▸ **Task goal**
Exactly the lines below from the one with "#89=ORIENTED_EDGE('',*,*,#88,.T.);" up to and including the one with "#104=EDGE_CURVE('E93',#103,#95,#101,.T.);" make up the answer, with nothing else added.
+++ Material for this task +++
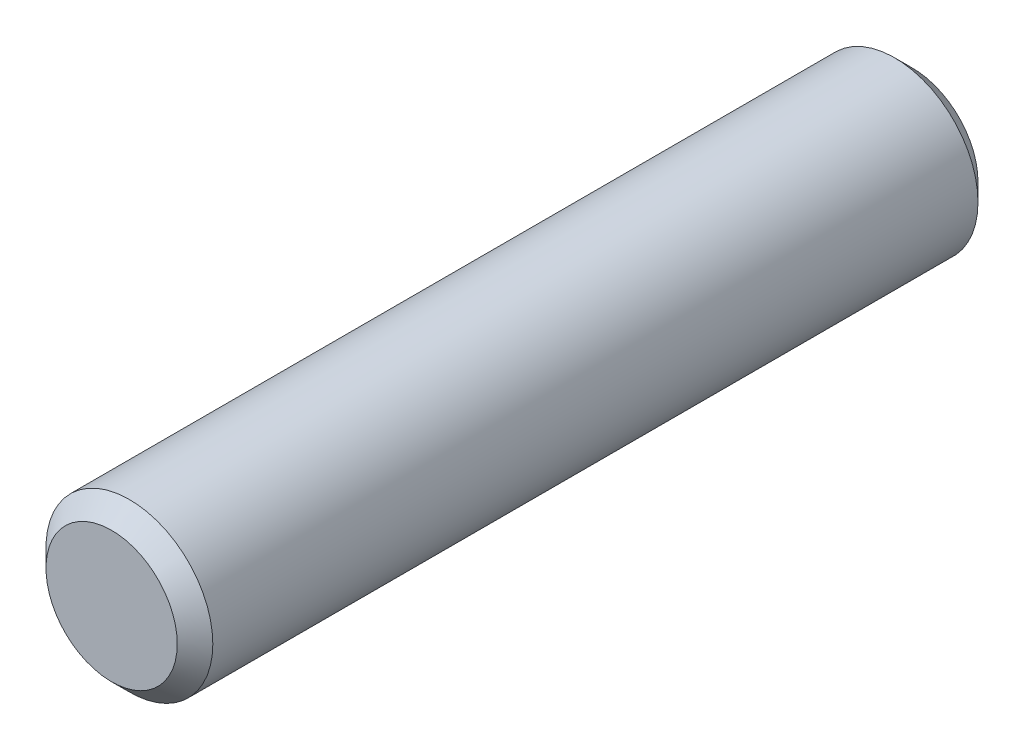
ISO-10303-21;
HEADER;
FILE_DESCRIPTION(('STEP AP214'),'2;1');
FILE_NAME('part.step','',(''),(''),'','','');
FILE_SCHEMA(('AUTOMOTIVE_DESIGN { 1 0 10303 214 1 1 1 1 }'));
ENDSEC;
DATA;
#1=APPLICATION_CONTEXT('core data for automotive mechanical design processes');
#2=APPLICATION_PROTOCOL_DEFINITION('international standard','automotive_design',2000,#1);
#3=PRODUCT_CONTEXT('',#1,'mechanical');
#4=PRODUCT('Part','Part','',(#3));
#5=PRODUCT_RELATED_PRODUCT_CATEGORY('part','',(#4));
#6=PRODUCT_DEFINITION_FORMATION('','',#4);
#7=PRODUCT_DEFINITION_CONTEXT('part definition',#1,'design');
#8=PRODUCT_DEFINITION('design','',#6,#7);
#9=PRODUCT_DEFINITION_SHAPE('','',#8);
#10=(LENGTH_UNIT() NAMED_UNIT(*) SI_UNIT(.MILLI.,.METRE.));
#11=(NAMED_UNIT(*) PLANE_ANGLE_UNIT() SI_UNIT($,.RADIAN.));
#12=(NAMED_UNIT(*) SI_UNIT($,.STERADIAN.) SOLID_ANGLE_UNIT());
#13=UNCERTAINTY_MEASURE_WITH_UNIT(LENGTH_MEASURE(1.E-05),#10,'distance_accuracy_value','');
#14=(GEOMETRIC_REPRESENTATION_CONTEXT(3) GLOBAL_UNCERTAINTY_ASSIGNED_CONTEXT((#13)) GLOBAL_UNIT_ASSIGNED_CONTEXT((#10,
#11,#12)) REPRESENTATION_CONTEXT('',''));
#15=CARTESIAN_POINT('',(0.,0.,0.));
#16=DIRECTION('',(0.,0.,1.));
#17=DIRECTION('',(1.,0.,0.));
#18=AXIS2_PLACEMENT_3D('',#15,#16,#17);
#19=CARTESIAN_POINT('',(0.,0.,5.715));
#20=DIRECTION('',(0.,0.,-1.));
#21=DIRECTION('',(-1.,0.,0.));
#22=AXIS2_PLACEMENT_3D('',#19,#20,#21);
#23=CYLINDRICAL_SURFACE('',#22,1.190625);
#24=CARTESIAN_POINT('',(0.,0.,-5.461));
#25=DIRECTION('',(0.,0.,1.));
#26=DIRECTION('',(1.,0.,0.));
#27=AXIS2_PLACEMENT_3D('',#24,#25,#26);
#28=CIRCLE('',#27,1.190625);
#29=CARTESIAN_POINT('',(1.190625,0.,-5.461));
#30=VERTEX_POINT('',#29);
#31=EDGE_CURVE('E383',#30,#30,#28,.T.);
#32=ORIENTED_EDGE('',*,*,#31,.T.);
#33=EDGE_LOOP('',(#32));
#34=FACE_BOUND('',#33,.T.);
#35=CARTESIAN_POINT('',(0.,0.,5.461));
#36=DIRECTION('',(0.,0.,1.));
#37=DIRECTION('',(1.,0.,0.));
#38=AXIS2_PLACEMENT_3D('',#35,#36,#37);
#39=CIRCLE('',#38,1.190625);
#40=CARTESIAN_POINT('',(1.190625,0.,5.461));
#41=VERTEX_POINT('',#40);
#42=EDGE_CURVE('E387',#41,#41,#39,.F.);
#43=ORIENTED_EDGE('',*,*,#42,.T.);
#44=EDGE_LOOP('',(#43));
#45=FACE_BOUND('',#44,.T.);
#46=ADVANCED_FACE('F373',(#34,#45),#23,.T.);
#47=CARTESIAN_POINT('',(0.,0.,5.715));
#48=DIRECTION('',(0.,0.,1.));
#49=DIRECTION('',(1.,0.,0.));
#50=AXIS2_PLACEMENT_3D('',#47,#48,#49);
#51=PLANE('',#50);
#52=CARTESIAN_POINT('',(0.,0.,5.715));
#53=DIRECTION('',(0.,0.,1.));
#54=DIRECTION('',(1.,0.,0.));
#55=AXIS2_PLACEMENT_3D('',#52,#53,#54);
#56=CIRCLE('',#55,0.936625);
#57=CARTESIAN_POINT('',(0.936625,0.,5.715));
#58=VERTEX_POINT('',#57);
#59=EDGE_CURVE('E10',#58,#58,#56,.T.);
#60=ORIENTED_EDGE('',*,*,#59,.T.);
#61=EDGE_LOOP('',(#60));
#62=FACE_BOUND('',#61,.T.);
#63=ADVANCED_FACE('F406',(#62),#51,.T.);
#64=CARTESIAN_POINT('',(0.,0.,-5.715));
#65=DIRECTION('',(0.,0.,1.));
#66=DIRECTION('',(1.,0.,0.));
#67=AXIS2_PLACEMENT_3D('',#64,#65,#66);
#68=PLANE('',#67);
#69=CARTESIAN_POINT('',(0.,0.,-5.715));
#70=DIRECTION('',(0.,0.,1.));
#71=DIRECTION('',(1.,0.,0.));
#72=AXIS2_PLACEMENT_3D('',#69,#70,#71);
#73=CIRCLE('',#72,0.936624999999999);
#74=CARTESIAN_POINT('',(0.936624999999999,0.,-5.715));
#75=VERTEX_POINT('',#74);
#76=EDGE_CURVE('E379',#75,#75,#73,.F.);
#77=ORIENTED_EDGE('',*,*,#76,.T.);
#78=EDGE_LOOP('',(#77));
#79=FACE_BOUND('',#78,.T.);
#80=ADVANCED_FACE('F402',(#79),#68,.F.);
#81=CARTESIAN_POINT('',(0.,0.,-5.461));
#82=DIRECTION('',(0.,0.,1.));
#83=DIRECTION('',(1.,0.,0.));
#84=AXIS2_PLACEMENT_3D('',#81,#82,#83);
#85=CONICAL_SURFACE('',#84,1.190625,0.785398163397449);
#86=ORIENTED_EDGE('',*,*,#76,.F.);
#87=EDGE_LOOP('',(#86));
#88=FACE_BOUND('',#87,.T.);
#89=ORIENTED_EDGE('',*,*,#31,.F.);
#90=EDGE_LOOP('',(#89));
#91=FACE_BOUND('',#90,.T.);
#92=ADVANCED_FACE('F397',(#88,#91),#85,.T.);
#93=CARTESIAN_POINT('',(0.,0.,5.715));
#94=DIRECTION('',(0.,0.,-1.));
#95=DIRECTION('',(-1.,0.,0.));
#96=AXIS2_PLACEMENT_3D('',#93,#94,#95);
#97=CONICAL_SURFACE('',#96,0.936625,0.785398163397446);
#98=ORIENTED_EDGE('',*,*,#42,.F.);
#99=EDGE_LOOP('',(#98));
#100=FACE_BOUND('',#99,.T.);
#101=ORIENTED_EDGE('',*,*,#59,.F.);
#102=EDGE_LOOP('',(#101));
#103=FACE_BOUND('',#102,.T.);
#104=ADVANCED_FACE('F394',(#100,#103),#97,.T.);
#105=CLOSED_SHELL('',(#46,#63,#80,#92,#104));
#106=MANIFOLD_SOLID_BREP('B2',#105);
#107=ADVANCED_BREP_SHAPE_REPRESENTATION('',(#18,#106),#14);
#108=SHAPE_DEFINITION_REPRESENTATION(#9,#107);
ENDSEC;
END-ISO-10303-21;
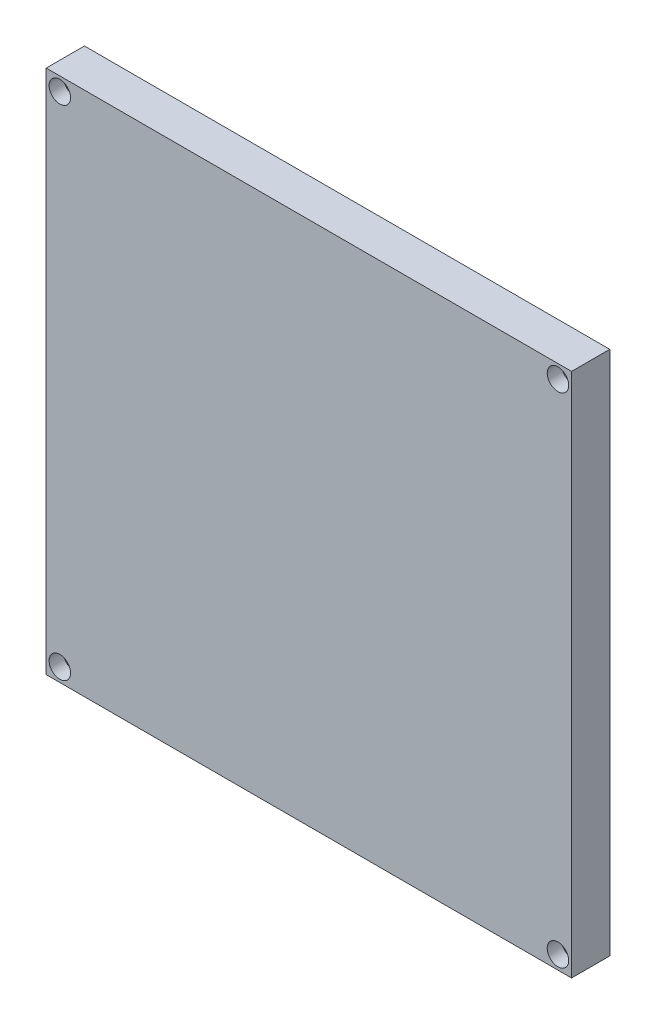
ISO-10303-21;
HEADER;
FILE_DESCRIPTION(('STEP AP214'),'2;1');
FILE_NAME('part.step','',(''),(''),'','','');
FILE_SCHEMA(('AUTOMOTIVE_DESIGN { 1 0 10303 214 1 1 1 1 }'));
ENDSEC;
DATA;
#1=APPLICATION_CONTEXT('core data for automotive mechanical design processes');
#2=APPLICATION_PROTOCOL_DEFINITION('international standard','automotive_design',2000,#1);
#3=PRODUCT_CONTEXT('',#1,'mechanical');
#4=PRODUCT('Part','Part','',(#3));
#5=PRODUCT_RELATED_PRODUCT_CATEGORY('part','',(#4));
#6=PRODUCT_DEFINITION_FORMATION('','',#4);
#7=PRODUCT_DEFINITION_CONTEXT('part definition',#1,'design');
#8=PRODUCT_DEFINITION('design','',#6,#7);
#9=PRODUCT_DEFINITION_SHAPE('','',#8);
#10=(LENGTH_UNIT() NAMED_UNIT(*) SI_UNIT(.MILLI.,.METRE.));
#11=(NAMED_UNIT(*) PLANE_ANGLE_UNIT() SI_UNIT($,.RADIAN.));
#12=(NAMED_UNIT(*) SI_UNIT($,.STERADIAN.) SOLID_ANGLE_UNIT());
#13=UNCERTAINTY_MEASURE_WITH_UNIT(LENGTH_MEASURE(1.E-05),#10,'distance_accuracy_value','');
#14=(GEOMETRIC_REPRESENTATION_CONTEXT(3) GLOBAL_UNCERTAINTY_ASSIGNED_CONTEXT((#13)) GLOBAL_UNIT_ASSIGNED_CONTEXT((#10,
#11,#12)) REPRESENTATION_CONTEXT('',''));
#15=CARTESIAN_POINT('',(0.,0.,0.));
#16=DIRECTION('',(0.,0.,1.));
#17=DIRECTION('',(1.,0.,0.));
#18=AXIS2_PLACEMENT_3D('',#15,#16,#17);
#19=CARTESIAN_POINT('',(-52.1491251125079,52.1491251125079,-0.000999999999999265));
#20=DIRECTION('',(0.,0.,1.));
#21=DIRECTION('',(1.,0.,0.));
#22=AXIS2_PLACEMENT_3D('',#19,#20,#21);
#23=CYLINDRICAL_SURFACE('',#22,1.575);
#24=CARTESIAN_POINT('',(-52.1491251125079,52.1491251125079,0.));
#25=DIRECTION('',(0.,0.,1.));
#26=DIRECTION('',(1.,0.,0.));
#27=AXIS2_PLACEMENT_3D('',#24,#25,#26);
#28=CIRCLE('',#27,1.575);
#29=CARTESIAN_POINT('',(-50.5741251125079,52.1491251125079,0.));
#30=VERTEX_POINT('',#29);
#31=EDGE_CURVE('E109',#30,#30,#28,.F.);
#32=ORIENTED_EDGE('',*,*,#31,.T.);
#33=EDGE_LOOP('',(#32));
#34=FACE_BOUND('',#33,.T.);
#35=CARTESIAN_POINT('',(-52.1491251125079,52.1491251125079,5.));
#36=DIRECTION('',(0.,0.,1.));
#37=DIRECTION('',(1.,0.,0.));
#38=AXIS2_PLACEMENT_3D('',#35,#36,#37);
#39=CIRCLE('',#38,1.575);
#40=CARTESIAN_POINT('',(-50.5741251125079,52.1491251125079,5.));
#41=VERTEX_POINT('',#40);
#42=EDGE_CURVE('E43',#41,#41,#39,.F.);
#43=ORIENTED_EDGE('',*,*,#42,.F.);
#44=EDGE_LOOP('',(#43));
#45=FACE_BOUND('',#44,.T.);
#46=ADVANCED_FACE('F39',(#34,#45),#23,.F.);
#47=CARTESIAN_POINT('',(52.1491251125079,-52.1491251125079,-0.000999999999999265));
#48=DIRECTION('',(0.,0.,1.));
#49=DIRECTION('',(1.,0.,0.));
#50=AXIS2_PLACEMENT_3D('',#47,#48,#49);
#51=CYLINDRICAL_SURFACE('',#50,1.575);
#52=CARTESIAN_POINT('',(52.1491251125079,-52.1491251125079,0.));
#53=DIRECTION('',(0.,0.,1.));
#54=DIRECTION('',(1.,0.,0.));
#55=AXIS2_PLACEMENT_3D('',#52,#53,#54);
#56=CIRCLE('',#55,1.575);
#57=CARTESIAN_POINT('',(53.7241251125079,-52.1491251125079,0.));
#58=VERTEX_POINT('',#57);
#59=EDGE_CURVE('E130',#58,#58,#56,.F.);
#60=ORIENTED_EDGE('',*,*,#59,.T.);
#61=EDGE_LOOP('',(#60));
#62=FACE_BOUND('',#61,.T.);
#63=CARTESIAN_POINT('',(52.1491251125079,-52.1491251125079,5.));
#64=DIRECTION('',(0.,0.,1.));
#65=DIRECTION('',(1.,0.,0.));
#66=AXIS2_PLACEMENT_3D('',#63,#64,#65);
#67=CIRCLE('',#66,1.575);
#68=CARTESIAN_POINT('',(53.7241251125079,-52.1491251125079,5.));
#69=VERTEX_POINT('',#68);
#70=EDGE_CURVE('E118',#69,#69,#67,.F.);
#71=ORIENTED_EDGE('',*,*,#70,.F.);
#72=EDGE_LOOP('',(#71));
#73=FACE_BOUND('',#72,.T.);
#74=ADVANCED_FACE('F200',(#62,#73),#51,.F.);
#75=CARTESIAN_POINT('',(-55.,-55.,8.));
#76=DIRECTION('',(1.,0.,0.));
#77=DIRECTION('',(0.,0.,-1.));
#78=AXIS2_PLACEMENT_3D('',#75,#76,#77);
#79=PLANE('',#78);
#80=DIRECTION('',(0.,-1.,0.));
#81=VECTOR('',#80,1.);
#82=CARTESIAN_POINT('',(-55.,-55.,0.));
#83=LINE('',#82,#81);
#84=CARTESIAN_POINT('',(-55.,55.,0.));
#85=VERTEX_POINT('',#84);
#86=CARTESIAN_POINT('',(-55.,-55.,0.));
#87=VERTEX_POINT('',#86);
#88=EDGE_CURVE('E106',#85,#87,#83,.T.);
#89=ORIENTED_EDGE('',*,*,#88,.T.);
#90=DIRECTION('',(0.,0.,-1.));
#91=VECTOR('',#90,1.);
#92=CARTESIAN_POINT('',(-55.,-55.,8.));
#93=LINE('',#92,#91);
#94=CARTESIAN_POINT('',(-55.,-55.,8.));
#95=VERTEX_POINT('',#94);
#96=EDGE_CURVE('E11',#95,#87,#93,.T.);
#97=ORIENTED_EDGE('',*,*,#96,.F.);
#98=DIRECTION('',(0.,-1.,0.));
#99=VECTOR('',#98,1.);
#100=CARTESIAN_POINT('',(-55.,-55.,8.));
#101=LINE('',#100,#99);
#102=CARTESIAN_POINT('',(-55.,55.,8.));
#103=VERTEX_POINT('',#102);
#104=EDGE_CURVE('E93',#103,#95,#101,.T.);
#105=ORIENTED_EDGE('',*,*,#104,.F.);
#106=DIRECTION('',(0.,0.,-1.));
#107=VECTOR('',#106,1.);
#108=CARTESIAN_POINT('',(-55.,55.,8.));
#109=LINE('',#108,#107);
#110=EDGE_CURVE('E102',#103,#85,#109,.T.);
#111=ORIENTED_EDGE('',*,*,#110,.T.);
#112=EDGE_LOOP('',(#89,#97,#105,#111));
#113=FACE_BOUND('',#112,.T.);
#114=ADVANCED_FACE('F41',(#113),#79,.F.);
#115=CARTESIAN_POINT('',(55.,-55.,8.));
#116=DIRECTION('',(0.,1.,0.));
#117=DIRECTION('',(-1.,0.,0.));
#118=AXIS2_PLACEMENT_3D('',#115,#116,#117);
#119=PLANE('',#118);
#120=DIRECTION('',(1.,0.,0.));
#121=VECTOR('',#120,1.);
#122=CARTESIAN_POINT('',(55.,-55.,0.));
#123=LINE('',#122,#121);
#124=CARTESIAN_POINT('',(55.,-55.,0.));
#125=VERTEX_POINT('',#124);
#126=EDGE_CURVE('E97',#87,#125,#123,.T.);
#127=ORIENTED_EDGE('',*,*,#126,.T.);
#128=DIRECTION('',(0.,0.,-1.));
#129=VECTOR('',#128,1.);
#130=CARTESIAN_POINT('',(55.,-55.,8.));
#131=LINE('',#130,#129);
#132=CARTESIAN_POINT('',(55.,-55.,8.));
#133=VERTEX_POINT('',#132);
#134=EDGE_CURVE('E49',#133,#125,#131,.T.);
#135=ORIENTED_EDGE('',*,*,#134,.F.);
#136=DIRECTION('',(1.,0.,0.));
#137=VECTOR('',#136,1.);
#138=CARTESIAN_POINT('',(55.,-55.,8.));
#139=LINE('',#138,#137);
#140=EDGE_CURVE('E88',#95,#133,#139,.T.);
#141=ORIENTED_EDGE('',*,*,#140,.F.);
#142=ORIENTED_EDGE('',*,*,#96,.T.);
#143=EDGE_LOOP('',(#127,#135,#141,#142));
#144=FACE_BOUND('',#143,.T.);
#145=ADVANCED_FACE('F96',(#144),#119,.F.);
#146=CARTESIAN_POINT('',(55.,-55.,8.));
#147=DIRECTION('',(-1.,0.,0.));
#148=DIRECTION('',(0.,0.,1.));
#149=AXIS2_PLACEMENT_3D('',#146,#147,#148);
#150=PLANE('',#149);
#151=DIRECTION('',(0.,1.,0.));
#152=VECTOR('',#151,1.);
#153=CARTESIAN_POINT('',(55.,-55.,0.));
#154=LINE('',#153,#152);
#155=CARTESIAN_POINT('',(55.,55.,0.));
#156=VERTEX_POINT('',#155);
#157=EDGE_CURVE('E75',#125,#156,#154,.T.);
#158=ORIENTED_EDGE('',*,*,#157,.T.);
#159=DIRECTION('',(0.,0.,-1.));
#160=VECTOR('',#159,1.);
#161=CARTESIAN_POINT('',(55.,55.,8.));
#162=LINE('',#161,#160);
#163=CARTESIAN_POINT('',(55.,55.,8.));
#164=VERTEX_POINT('',#163);
#165=EDGE_CURVE('E98',#164,#156,#162,.T.);
#166=ORIENTED_EDGE('',*,*,#165,.F.);
#167=DIRECTION('',(0.,1.,0.));
#168=VECTOR('',#167,1.);
#169=CARTESIAN_POINT('',(55.,-55.,8.));
#170=LINE('',#169,#168);
#171=EDGE_CURVE('E91',#133,#164,#170,.T.);
#172=ORIENTED_EDGE('',*,*,#171,.F.);
#173=ORIENTED_EDGE('',*,*,#134,.T.);
#174=EDGE_LOOP('',(#158,#166,#172,#173));
#175=FACE_BOUND('',#174,.T.);
#176=ADVANCED_FACE('F100',(#175),#150,.F.);
#177=CARTESIAN_POINT('',(55.,55.,8.));
#178=DIRECTION('',(0.,-1.,0.));
#179=DIRECTION('',(1.,0.,0.));
#180=AXIS2_PLACEMENT_3D('',#177,#178,#179);
#181=PLANE('',#180);
#182=DIRECTION('',(-1.,0.,0.));
#183=VECTOR('',#182,1.);
#184=CARTESIAN_POINT('',(55.,55.,0.));
#185=LINE('',#184,#183);
#186=EDGE_CURVE('E81',#156,#85,#185,.T.);
#187=ORIENTED_EDGE('',*,*,#186,.T.);
#188=ORIENTED_EDGE('',*,*,#110,.F.);
#189=DIRECTION('',(-1.,0.,0.));
#190=VECTOR('',#189,1.);
#191=CARTESIAN_POINT('',(55.,55.,8.));
#192=LINE('',#191,#190);
#193=EDGE_CURVE('E58',#164,#103,#192,.T.);
#194=ORIENTED_EDGE('',*,*,#193,.F.);
#195=ORIENTED_EDGE('',*,*,#165,.T.);
#196=EDGE_LOOP('',(#187,#188,#194,#195));
#197=FACE_BOUND('',#196,.T.);
#198=ADVANCED_FACE('F183',(#197),#181,.F.);
#199=CARTESIAN_POINT('',(0.,0.,8.));
#200=DIRECTION('',(0.,0.,1.));
#201=DIRECTION('',(1.,0.,0.));
#202=AXIS2_PLACEMENT_3D('',#199,#200,#201);
#203=PLANE('',#202);
#204=CARTESIAN_POINT('',(52.1491251125079,52.1491251125079,8.));
#205=DIRECTION('',(0.,0.,1.));
#206=DIRECTION('',(-1.,0.,0.));
#207=AXIS2_PLACEMENT_3D('',#204,#205,#206);
#208=CIRCLE('',#207,2.25);
#209=CARTESIAN_POINT('',(49.8991251125079,52.1491251125079,8.));
#210=VERTEX_POINT('',#209);
#211=EDGE_CURVE('E152',#210,#210,#208,.T.);
#212=ORIENTED_EDGE('',*,*,#211,.F.);
#213=EDGE_LOOP('',(#212));
#214=FACE_BOUND('',#213,.T.);
#215=CARTESIAN_POINT('',(52.1491251125079,-52.1491251125079,8.));
#216=DIRECTION('',(0.,0.,1.));
#217=DIRECTION('',(1.,0.,0.));
#218=AXIS2_PLACEMENT_3D('',#215,#216,#217);
#219=CIRCLE('',#218,2.25);
#220=CARTESIAN_POINT('',(54.3991251125079,-52.1491251125079,8.));
#221=VERTEX_POINT('',#220);
#222=EDGE_CURVE('E158',#221,#221,#219,.T.);
#223=ORIENTED_EDGE('',*,*,#222,.F.);
#224=EDGE_LOOP('',(#223));
#225=FACE_BOUND('',#224,.T.);
#226=CARTESIAN_POINT('',(-52.1491251125079,-52.1491251125079,8.));
#227=DIRECTION('',(0.,0.,1.));
#228=DIRECTION('',(-1.,0.,0.));
#229=AXIS2_PLACEMENT_3D('',#226,#227,#228);
#230=CIRCLE('',#229,2.25);
#231=CARTESIAN_POINT('',(-54.3991251125079,-52.1491251125079,8.));
#232=VERTEX_POINT('',#231);
#233=EDGE_CURVE('E164',#232,#232,#230,.T.);
#234=ORIENTED_EDGE('',*,*,#233,.F.);
#235=EDGE_LOOP('',(#234));
#236=FACE_BOUND('',#235,.T.);
#237=CARTESIAN_POINT('',(-52.1491251125079,52.1491251125079,8.));
#238=DIRECTION('',(0.,0.,1.));
#239=DIRECTION('',(1.,0.,0.));
#240=AXIS2_PLACEMENT_3D('',#237,#238,#239);
#241=CIRCLE('',#240,2.25);
#242=CARTESIAN_POINT('',(-49.8991251125079,52.1491251125079,8.));
#243=VERTEX_POINT('',#242);
#244=EDGE_CURVE('E146',#243,#243,#241,.T.);
#245=ORIENTED_EDGE('',*,*,#244,.F.);
#246=EDGE_LOOP('',(#245));
#247=FACE_BOUND('',#246,.T.);
#248=ORIENTED_EDGE('',*,*,#104,.T.);
#249=ORIENTED_EDGE('',*,*,#140,.T.);
#250=ORIENTED_EDGE('',*,*,#171,.T.);
#251=ORIENTED_EDGE('',*,*,#193,.T.);
#252=EDGE_LOOP('',(#248,#249,#250,#251));
#253=FACE_BOUND('',#252,.T.);
#254=ADVANCED_FACE('F89',(#214,#225,#236,#247,#253),#203,.T.);
#255=CARTESIAN_POINT('',(0.,0.,0.));
#256=DIRECTION('',(0.,0.,1.));
#257=DIRECTION('',(1.,0.,0.));
#258=AXIS2_PLACEMENT_3D('',#255,#256,#257);
#259=PLANE('',#258);
#260=CARTESIAN_POINT('',(52.1491251125079,52.1491251125079,0.));
#261=DIRECTION('',(0.,0.,1.));
#262=DIRECTION('',(1.,0.,0.));
#263=AXIS2_PLACEMENT_3D('',#260,#261,#262);
#264=CIRCLE('',#263,1.575);
#265=CARTESIAN_POINT('',(53.7241251125079,52.1491251125079,0.));
#266=VERTEX_POINT('',#265);
#267=EDGE_CURVE('E126',#266,#266,#264,.F.);
#268=ORIENTED_EDGE('',*,*,#267,.F.);
#269=EDGE_LOOP('',(#268));
#270=FACE_BOUND('',#269,.T.);
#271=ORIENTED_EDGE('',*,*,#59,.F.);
+++
▸ **Reply**
#89=ORIENTED_EDGE('',*,*,#88,.T.);
#90=DIRECTION('',(0.,0.,-1.));
#91=VECTOR('',#90,1.);
#92=CARTESIAN_POINT('',(-55.,-55.,8.));
#93=LINE('',#92,#91);
#94=CARTESIAN_POINT('',(-55.,-55.,8.));
#95=VERTEX_POINT('',#94);
#96=EDGE_CURVE('E11',#95,#87,#93,.T.);
#97=ORIENTED_EDGE('',*,*,#96,.F.);
#98=DIRECTION('',(0.,-1.,0.));
#99=VECTOR('',#98,1.);
#100=CARTESIAN_POINT('',(-55.,-55.,8.));
#101=LINE('',#100,#99);
#102=CARTESIAN_POINT('',(-55.,55.,8.));
#103=VERTEX_POINT('',#102);
#104=EDGE_CURVE('E93',#103,#95,#101,.T.);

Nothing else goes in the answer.